You must cache this token if your job runs multiple queries within the same hour, as the token expires after 3600 seconds. For a single daily batch job, fetching a new token at the start is sufficient.

Implementation

Step 1: Querying Conversation Details with Pagination

The Analytics API does not return all conversations in a single call. You must use pagination. The POST /api/v2/analytics/conversations/details/query endpoint accepts a request body defining the date range, metrics, and grouping.

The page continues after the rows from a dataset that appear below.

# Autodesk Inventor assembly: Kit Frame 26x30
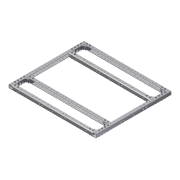
[picture p0: Inventor's stored thumbnail of the model, 180x180]
Saved by Autodesk Inventor 2013 (Build 170138000, 138)
## iProperties
Created: 2013-01-06
Part Number: Kit Frame 26x30
Document SubType Name: Assembly
Designer: Nemo
Author: Nemo
## Documents named in this file (4)
- \\lmss\STUDENTS\Robotics\CAD Files\COTS Parts\Kit Frame - AndyMark\Kit Frame 26x30.iam
- \\lmss\STUDENTS\Robotics\CAD Files\COTS Parts\Kit Frame - AndyMark\Components\24x34 Side Rail sub.iam
- \\lmss\STUDENTS\Robotics\CAD Files\COTS Parts\Kit Frame - AndyMark\Components\C Channel - FrontBack 26x30.ipt
- \\lmss\STUDENTS\Robotics\CAD Files\COTS Parts\Kit Frame - AndyMark\Components\26x30 Side Rail Sub mirror.iam
## Components (6 placed, 3 different names)
1. C Channel - Cut-01:3 — Flush:5, Mate:15
2. C Channel - Cut-01:4 — Mate:3, Mate:13, Insert:1, Mate:16, Insert:2, Mate:17, Insert:3, Mate:18
3. 24x34 Side Rail sub:1 [sub-assembly] — Mate:13, Mate:15
4. 26x30 Side Rail Sub mirror:1 [sub-assembly] — Insert:1, Mate:16
5. 24x34 Side Rail sub:2 [sub-assembly] — Insert:2, Mate:17
6. 26x30 Side Rail Sub mirror:2 [sub-assembly] — Insert:3, Mate:18
## Relationships (14: Mate 8, Flush 3, Insert 3)
- [Mate] (36.83 mm): 24x34 Side Rail sub:1
- [Mate]: 24x34 Side Rail sub:1
- [Flush]: C Channel - Cut-01:3 ↔ 24x34 Side Rail sub:1
- [Flush]: C Channel - Cut-01:4 ↔ 24x34 Side Rail sub:1
- Flush:5: C Channel - Cut-01:3
- Mate:3: C Channel - Cut-01:4
- Mate:13: C Channel - Cut-01:4 ↔ 24x34 Side Rail sub:1
- Mate:15: C Channel - Cut-01:3 ↔ 24x34 Side Rail sub:1
- Insert:1: C Channel - Cut-01:4 ↔ 26x30 Side Rail Sub mirror:1
- Mate:16: C Channel - Cut-01:4 ↔ 26x30 Side Rail Sub mirror:1
- Insert:2: C Channel - Cut-01:4 ↔ 24x34 Side Rail sub:2
- Mate:17: C Channel - Cut-01:4 ↔ 24x34 Side Rail sub:2
- Insert:3: C Channel - Cut-01:4 ↔ 26x30 Side Rail Sub mirror:2
- Mate:18: C Channel - Cut-01:4 ↔ 26x30 Side Rail Sub mirror:2

The response contains a nextPageUrl if more data exists. You must follow this URL until it is null.

import json
from datetime import datetime, timedelta
from typing import List, Dict, Any

def build_query_payload(date_str: str) -> Dict[str, Any]:
    """
    Constructs the JSON payload for the analytics query.
    
    Args:
        date_str: The date to query in YYYY-MM-DD format.
        
    Returns:
        Dict containing the query parameters.
    """
    start_time = f"{date_str}T00:00:00.000Z"
    end_time = f"{date_str}T23:59:59.999Z"

    return {
        "dateFrom": start_time,
        "dateTo": end_time,
        "groupBy": ["conversationId"],
        "interval": "PT1H",
        "metrics": {
            "conversations": {"type": "COUNT"},
            "handled": {"type": "COUNT"},
            "answered": {"type": "COUNT"},
            "abandoned": {"type": "COUNT"},
            "serviceLevel": {"type": "SUM"}
        },
        "select": [
            "conversationId",
            "channel",
            "mediaType",
            "queueName",
            "wrapUpCode",
            "duration"
        ],
        "view": "default",
        "includeZeroIntervals": False
    }

def fetch_all_conversations(token: str, date_str: str) -> List[Dict[str, Any]]:
    """
    Fetches all conversation details for a given date using pagination.
    
    Args:
        token: The OAuth access token.
        date_str: The date to query in YYYY-MM-DD format.
        
    Returns:
        List of conversation detail objects.
    """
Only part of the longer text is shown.